Когда они выросли и стали назначать девушкам свиданья, то обычно водили их на танцы в ярмарочный павильон. Все вдруг заделались франтами. Стали подбирать носовые платки в тон галстукам, носить ботинки на толстой подошве и яркие рубашки в красную, зеленую и желтую полоску. Глен Хогэн обзавелся семью шелковыми сорочками. Да и девушек у него было больше, чем у всех. Вдруг стало крайне важно, есть ли у тебя автомобиль, а прийти со своей девушкой в павильон пешком считалось просто унизительным.

Иной раз на дансинг денег не хватало, и тогда оставалось одно: в полном одиночестве медленно колесить в машине по улицам, прилегающим к ярмарке, и слушать доносившуюся из павильона музыку. Все песни были исполнены глубокого смысла, и слова их воспринимались вполне серьезно. Как сладостно волновали они душу, как хотелось очутиться там, в павильоне! Как хотелось знать, с кем сегодня танцует твоя девушка. Но в конце концов приходилось закуривать сигарету и стараться думать о чем-нибудь другом. Закурить сигарету! О, это было целое дело. Осуществить заветное желание удавалось только вечером, когда тебя никто не видел. Особый шик состоял в том, чтобы держать сигарету подчеркнуто небрежно. Один парень из его компании, первым научившийся затягиваться, считался величайшим человеком на земле До тех пор, пока с ним не сравнялись остальные.

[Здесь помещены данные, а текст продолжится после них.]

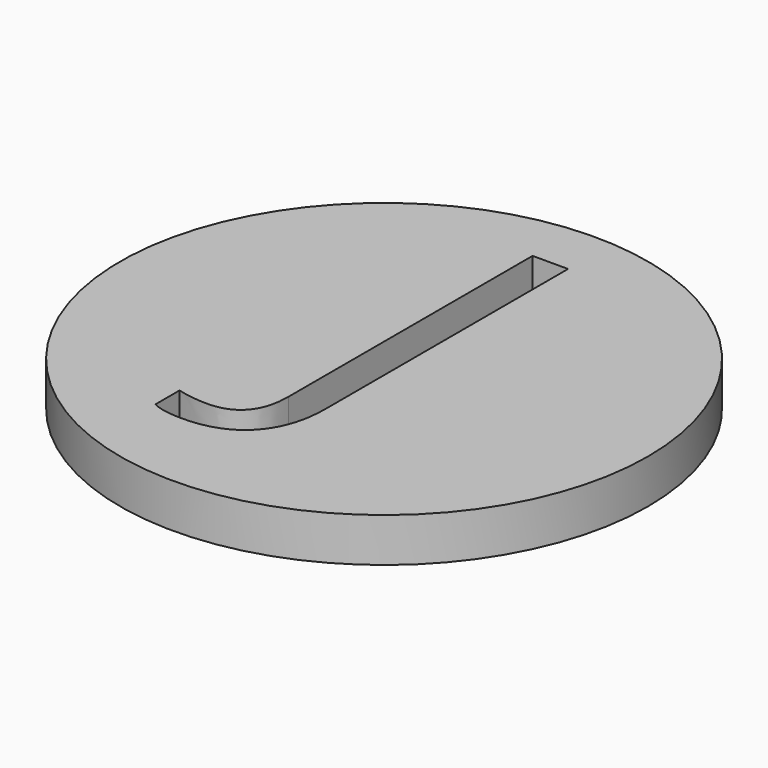
from build123d import *

# Parameters (mm, degrees)
F0_R         = 12
F1_DEPTH     = 2
F2_TEXT_SIZE = 19.4444444444
F3_DEPTH     = 25


# Not quite as in the source:
# - Text() gives the source's letters only with a copy of the font that has no kerning and outlines rounded to 1/6400 em; it was checked with that copy


with BuildPart() as f1:
    # F0 (on Top) → F1 (new body)
    with BuildSketch(Plane.XY):
        Circle(F0_R)
    extrude(amount=F1_DEPTH)

    # F2 (on face) → F3 (cut)
    with BuildSketch(Plane.XY.offset(2)):
        with Locations((-2.6414076565, -4.3979441151)):
            Text('J', F2_TEXT_SIZE, font='Open Sans', text_align=(TextAlign.LEFT, TextAlign.BOTTOM))
    extrude(amount=-F3_DEPTH, mode=Mode.SUBTRACT)


solid = f1.part
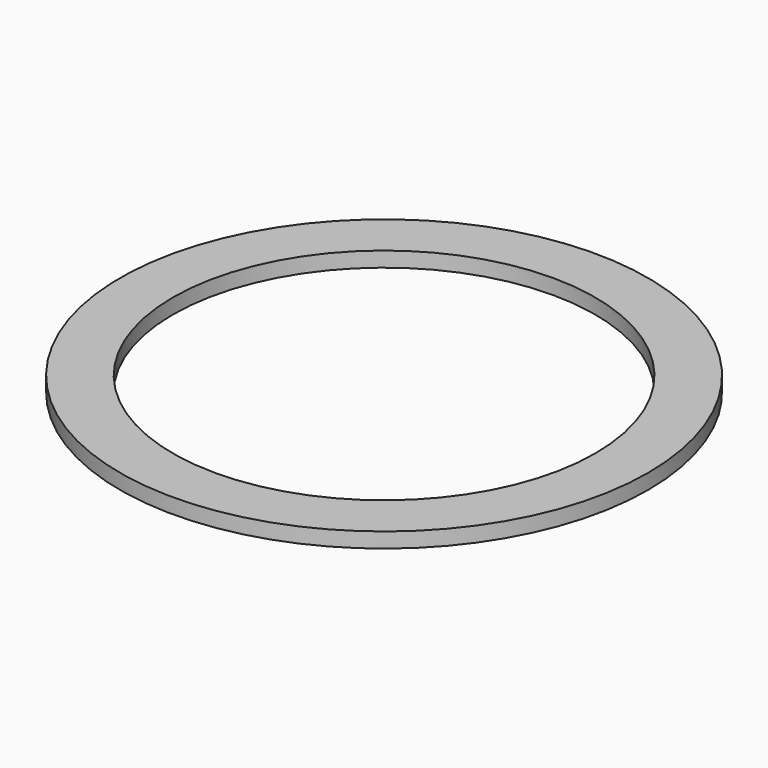
from build123d import *

# Parameters (mm, degrees)
F0_R     = 27.78125
F1_DEPTH = 1.5875
F2_R     = 22.225
F3_DEPTH = 25.4


# Not quite as in the source:
# - a length typed as a fraction of an inch, garbled in the dataset ("3 / 203.2 mm" for 3/8 in), is restored


with BuildPart() as f1:
    # F0 (on Top) → F1 (new body)
    with BuildSketch(Plane.XY):
        with Locations((-45.9924861789, -16.1027256399)):
            Circle(F0_R)
    extrude(amount=F1_DEPTH)

    # F2 (on face) → F3 (cut)
    with BuildSketch(Plane(origin=(0, 0, 0), x_dir=(1, 0, 0), z_dir=(0, 0, -1))):
        with Locations((-45.9924861789, 16.1027256399)):
            Circle(F2_R)
    extrude(amount=-F3_DEPTH, mode=Mode.SUBTRACT)


solid = f1.part
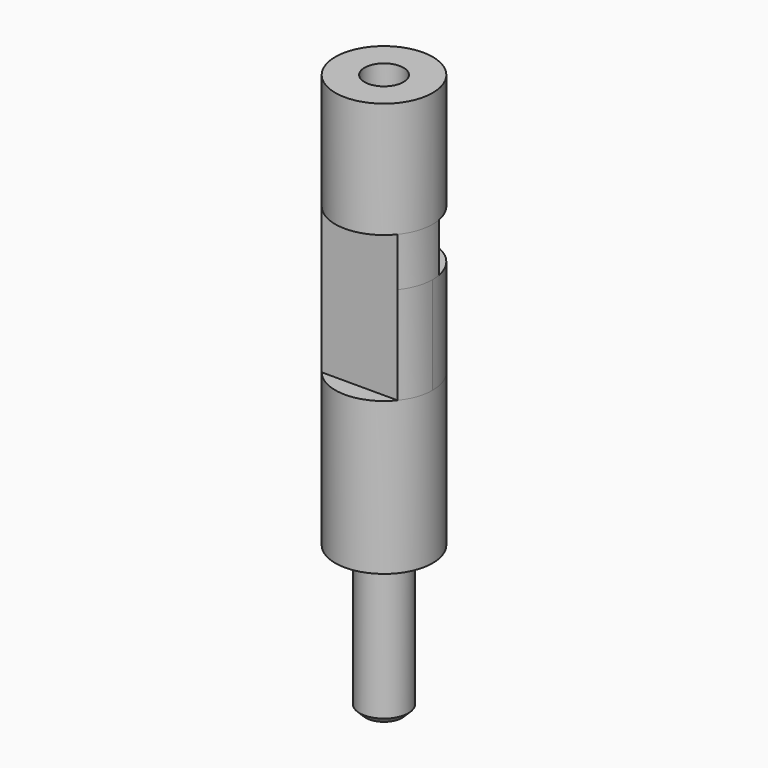
from build123d import *
from build123d import SkipClean  # not in build123d's __all__

# Parameters (mm, degrees)
F2_SIZE   = 0.5
F4_DEPTH  = 8
F6_DEPTH  = 4
F7_R      = 4
F8_DEPTH  = 9.5
F10_D     = 3.2
F10_DEPTH = 14
F10_TIP   = 0.9613769904
F11_R     = 1.6
F12_DEPTH = 2.53


# Not quite as in the source:
# - after a boolean that leaves OpenCascade's solid faulty, fix() repairs it


with BuildPart() as f1:
    # F0 (on Front) → F1 (revolve)
    with BuildSketch(Plane.XZ):
        Polygon((-2, 0), (0, 0), (0, 24.5), (-4, 24.5), (-4, 12), (-2, 12), align=None)
    revolve(axis=Axis((0, 0, 12.25), (0, 0, -1)))

    # F2
    f2_edges = [f1.edges().sort_by_distance(p)[0] for p in [
        (2, 0, 0),
    ]]
    chamfer(f2_edges, length=F2_SIZE)

    # F3 (on face) → F4 (join)
    with BuildSketch(Plane.XY.offset(24.5)):
        with BuildLine():
            Line((-3.1224989992, -2.5), (3.1224989992, -2.5))
            ThreePointArc((3.1224989992, -2.5), (3.7742546282, -1.3247648854), (4, 0))
            ThreePointArc((4, 0), (-1.3247648854, 3.7742546282), (-3.1224989992, -2.5))
        make_face()
    with SkipClean():  # cleaning this boolean's faces spoils the solid; the shape is the same uncleaned
        extrude(amount=F4_DEPTH)

    # F5 (on face) → F6 (join)
    with BuildSketch(Plane.XY.offset(32.5)):
        with BuildLine():
            Line((-3.1224989992, -2.5), (3.1224989992, -2.5))
            ThreePointArc((3.1224989992, -2.5), (3.8760324942, -0.9881154306), (3.9382737335, 0.7))
            Line((3.9382737335, 0.7), (2.1, 2.5))
            Line((2.1, 2.5), (-2.1, 2.5))
            Line((-2.1, 2.5), (-3.7080992435, 1.5))
            ThreePointArc((-3.7080992435, 1.5), (-3.9578110223, -0.5794237754), (-3.1224989992, -2.5))
        make_face()
    extrude(amount=F6_DEPTH)

    add(f1.part.fix(), mode=Mode.REPLACE)

    # F7 (on face) → F8 (join)
    with BuildSketch(Plane.XY.offset(36.5)):
        Circle(F7_R)
    extrude(amount=F8_DEPTH)

    # F10
    with Locations(Plane.XY.offset(46)):
        with Locations((0, 0)):
            Hole(F10_D / 2, depth=F10_DEPTH)
            with Locations((0, 0, -(F10_DEPTH + F10_TIP / 2))):  # 118° drill point
                Cone(0, F10_D / 2, F10_TIP, mode=Mode.SUBTRACT)

    # F11 (on face) → F12 (cut)
    with BuildSketch(Plane(origin=(0, 2.5, 0), x_dir=(-1, 0, 0), z_dir=(0, 1, 0))):
        with Locations((0, 34.5)):
            Circle(F11_R)
    extrude(amount=-F12_DEPTH, mode=Mode.SUBTRACT)


solid = f1.part

В табачной лавке Джима О'Коннела собирались старики и вели разговор о войне. Эти беседы происходили в прохладной комнате позади торгового помещения. До провозглашения в Колорадо сухого закона здесь был салун, и когда шел дождь, старые половицы опять источали запах пива. Старики восседали на высоких табуретках, разглядывали игорные столы, сплевывали в большие латунные плевательницы, толковали про Англию, Францию, а под конец про Россию. Россия, говорили они, вот-вот начнет большое наступление и отбросит проклятых бошей до самого Берлина. Тогда война кончится. Затем отец решил покинуть Шейл-Сити, и вся семья переехала в Лос-Анджелес. Здесь Джонни впервые стал думать о войне; поводом к таким размышлениям послужило вступление в нее Румынии. Это почему-то казалось всем очень важным. О Румынии он никогда ничего не слышал, разве что на уроках географии. Но вступление Румынии в войну произошло в тот самый день, когда газеты напечатали сообщение о двух канадских солдатах, которых немцы распяли прямо на глазах у их однополчан, находившихся по ту сторону ничейной земли. Выходило, что немцы ничуть не лучше диких зверей, и все, конечно, захотели расколошматить эту Германию в пух и прах. Все заговорили о румынской нефти и пшенице, о том, как румыны станут снабжать союзников, и что все это, безусловно, означает конец войне. Но немцы вторглись в Румынию, с ходу взяли Бухарест, и королеве Марии пришлось покинуть свой дворец.